The stateful function takes two parameters:

• State constructor that implements the IntoState trait. Kobold comes with default implementations for most primitive types, so we can use u32 here.
• The anonymous render function that uses the constructed state, in our case its argument is &Hook<u32>.

The Hook here is a smart pointer to the state itself that allows non-mutable access to the state. The bind! macro can be invoked for any Hook to create closures with &mut references to the underlying state.

For more details visit the stateful module documentation.

Conditional Rendering

Because the view! macro produces unique transient types, if and match expressions that invoke the macro will naturally fail to compile.
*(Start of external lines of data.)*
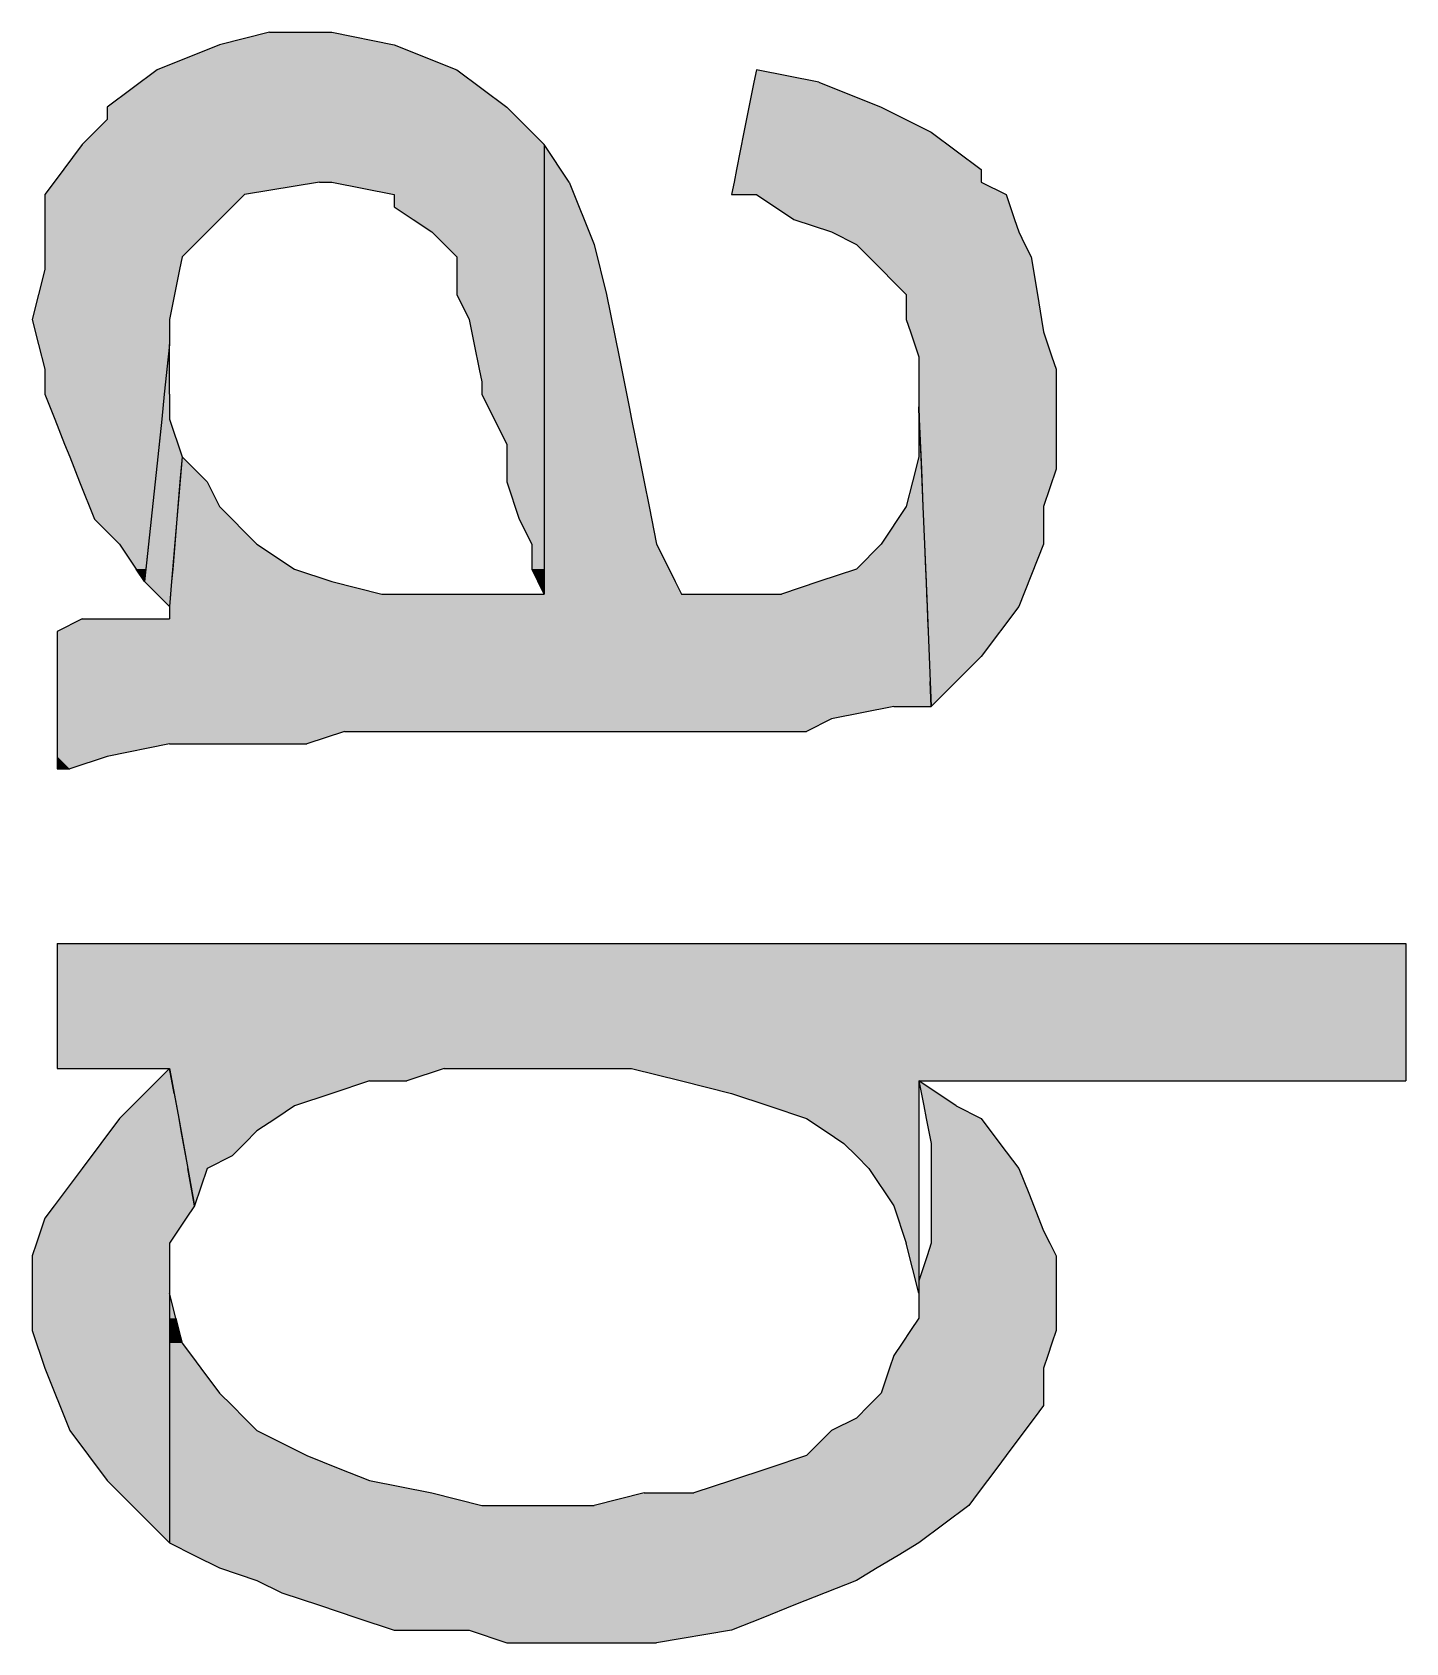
# Model space of a CAD drawing. Extents: x -1063 to 1100, y -467 to 441.
# Drawn here: x 568.47 to 586.8, y 201.92 to 223.42 of the extents above; entities that cross this region are included whole.
import ezdxf

# ---------------------------------------------------------------- set-up
doc = ezdxf.new("R2010")
doc.units = 0
doc.layers.add('H', color=7, linetype='CONTINUOUS')

# ---------------------------------------------------------------- blocks, each defined once
blk = doc.blocks.new('*U532')
at = {"layer": 'H', "color": 0, "linetype": 'CONTINUOUS'}
for p, q in [((570.298, 219.249), (570.228, 218.583)), ((570.298, 218.583), (570.298, 219.249)), ((570.228, 218.583), (570.193, 218.249)), ((570.298, 218.583), (570.298, 218.249)), ((570.193, 218.249), (570.14, 217.749)), ((570.298, 218.249), (570.465, 217.749)), ((570.14, 217.749), (569.965, 216.083)), ((570.465, 217.749), (570.326, 216.083)), ((570.298, 215.749), (569.965, 216.083)), ((570.326, 216.083), (570.298, 215.749))]:
    blk.add_line(p, q, dxfattribs=at)
for points in [[(570.298, 219.249), (570.228, 218.583), (570.298, 218.583)], [(570.228, 218.583), (570.193, 218.249), (570.298, 218.249)], [(570.193, 218.249), (570.14, 217.749), (570.465, 217.749)], [(570.14, 217.749), (569.965, 216.083), (570.326, 216.083)]]:
    blk.add_solid(points, dxfattribs=at)
at = {"layer": 'H', "color": 0, "linetype": 'CONTINUOUS', "extrusion": (0, 0, -1)}
for points in [[(-570.228, 218.583), (-570.298, 218.583), (-570.298, 218.249)], [(-570.193, 218.249), (-570.298, 218.249), (-570.465, 217.749)], [(-570.14, 217.749), (-570.465, 217.749), (-570.326, 216.083)], [(-569.965, 216.083), (-570.326, 216.083), (-570.298, 215.749)]]:
    blk.add_solid(points, dxfattribs=at)
blk = doc.blocks.new('*U533')
at = {"layer": 'H', "color": 0, "linetype": 'CONTINUOUS'}
for p, q in [((571.632, 223.416), (570.965, 223.249)), ((571.632, 223.416), (572.465, 223.416)), ((572.465, 223.416), (573.298, 223.249)), ((570.965, 223.249), (570.132, 222.916)), ((573.298, 223.249), (574.132, 222.916)), ((570.132, 222.916), (569.465, 222.416)), ((574.132, 222.916), (574.798, 222.416)), ((569.465, 222.416), (569.465, 222.249)), ((574.798, 222.416), (574.965, 222.249)), ((569.465, 222.249), (569.132, 221.916)), ((574.965, 222.249), (575.298, 221.916)), ((569.132, 221.916), (568.757, 221.416)), ((575.298, 221.916), (575.298, 221.416)), ((568.757, 221.416), (568.632, 221.249)), ((568.632, 221.249), (568.632, 221.083)), ((571.298, 221.249), (571.132, 221.083)), ((572.298, 221.416), (571.298, 221.249)), ((572.298, 221.416), (572.465, 221.416)), ((572.465, 221.416), (573.298, 221.249)), ((573.298, 221.249), (573.298, 221.083)), ((575.298, 221.416), (575.298, 221.249)), ((575.298, 221.249), (575.298, 221.083)), ((568.632, 221.083), (568.632, 220.916)), ((571.132, 221.083), (570.965, 220.916)), ((573.298, 221.083), (573.548, 220.916)), ((575.298, 221.083), (575.298, 220.916)), ((568.632, 220.916), (568.632, 220.749)), ((570.965, 220.916), (570.798, 220.749)), ((573.548, 220.916), (573.798, 220.749)), ((575.298, 220.916), (575.298, 220.749)), ((568.632, 220.749), (568.632, 220.416)), ((570.798, 220.749), (570.465, 220.416)), ((573.798, 220.749), (574.132, 220.416)), ((575.298, 220.749), (575.298, 220.416)), ((568.632, 220.416), (568.632, 220.249)), ((570.465, 220.416), (570.432, 220.249)), ((574.132, 220.416), (574.132, 220.249)), ((575.298, 220.416), (575.298, 220.249)), ((568.632, 220.249), (568.548, 219.916)), ((570.432, 220.249), (570.365, 219.916)), ((574.132, 220.249), (574.132, 219.916)), ((575.298, 220.249), (575.298, 219.916)), ((568.548, 219.916), (568.465, 219.583)), ((570.365, 219.916), (570.298, 219.583)), ((574.132, 219.916), (574.298, 219.583)), ((575.298, 219.916), (575.298, 219.583)), ((568.465, 219.583), (568.548, 219.249)), ((570.298, 219.583), (570.298, 219.249)), ((574.298, 219.583), (574.365, 219.249)), ((575.298, 219.583), (575.298, 219.249)), ((568.548, 219.249), (568.632, 218.916)), ((570.298, 219.249), (570.263, 218.916)), ((574.365, 219.249), (574.432, 218.916)), ((575.298, 219.249), (575.298, 218.916)), ((568.632, 218.916), (568.632, 218.749)), ((570.263, 218.916), (570.246, 218.749)), ((574.432, 218.916), (574.465, 218.749)), ((575.298, 218.916), (575.298, 218.749)), ((568.632, 218.749), (568.632, 218.583)), ((570.246, 218.749), (570.228, 218.583)), ((574.465, 218.749), (574.465, 218.583)), ((575.298, 218.749), (575.298, 218.583)), ((568.632, 218.583), (568.765, 218.249)), ((570.228, 218.583), (570.193, 218.249)), ((574.465, 218.583), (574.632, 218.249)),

Using the auto_branch flag on the #[component] attribute Kobold will scan the body of of your component render function, and make all view! macro invocations inside an if or match expression, and wrap them in an enum making them the same type:

#[component(auto_branch)]
fn Conditional(illuminatus: bool) -> impl View {
    if illuminatus {
        view! { <p>"It was the year when they finally immanentized the Eschaton."</p> }
    } else {
        view! { <blockquote>"It was love at first sight."</blockquote> }
    }
}

For more details visit the branching module documentation.

Lists and Iterators

To render an iterator use the list method from the ListIteratorExt extension trait:

// `ListIteratorExt` is included in the prelude
use kobold::prelude::*;

#[component]
fn IterateNumbers(count: u32) -> impl View {
    view! {
        <ul>
        {
            (1..=count)
                .map(|n| view! { <li>"Item #"{n}</li> })
                .list()
        }
        </ul>
    }
}

This wraps the iterator in the transparent List<_> type that implements View. On updates the iterator is consumed once and all items are diffed with the previous version. No allocations are made by Kobold when updating such a list, unless the rendered list needs to grow past its original capacity.

Borrowed Values

View types are truly transient and only need to live for the duration of the initial render, or for the duration of the subsequent update. This means that you can easily and cheaply render borrowed state without unnecessary clones:

#[component]
fn Users<'a>(names: &'a [&'a str]) -> impl View + 'a {
    view! {
        <ul>
        {
            names
                .iter()
                .map(|name| view! { <li>{ name }</li> })
                .list()
        }
        </ul>
    }
}

Components with Children

If you wish to capture children from parent view! invocation, simply change #[component] to #[component(children)]:

use kobold::prelude::*;

#[component(children)]
fn Header(children: impl View) -> impl View {
    view! {
        <header><h1>{ children }</h1></header>
    }
}

fn main() {
    kobold::start(view! {
        <Header>"Hello Kobold"</Header>
    });
}

You can change the name of the parameter used and even set it to a concrete:

use kobold::prelude::*;

// Capture children into the argument `n`
#[component(children: n)]
fn AddTen(n: i32) -> i32 {
    // integers implement `View` so they can be passed by value
    n + 10
}

fn main() {
    kobold::start(view! {
        <p>
            "Meaning of life is "
            <AddTen>{ 32 }</AddTen>
        </p>
    });
}

More Examples

To run Kobold you'll need to install trunk (check the full instructions if you have problems):

cargo install --locked trunk

You might also need to add the Wasm target to Rust:

rustup target add wasm32-unknown-unknown

Then just run an example:

## Go to an example
cd examples/todomvc

## Run with trunk
trunk serve

Acknowledgements

• Pedrors for the Kobold logo.

License

Kobold is free software, and is released under the terms of the GNU Lesser General Public License version 3. See LICENSE.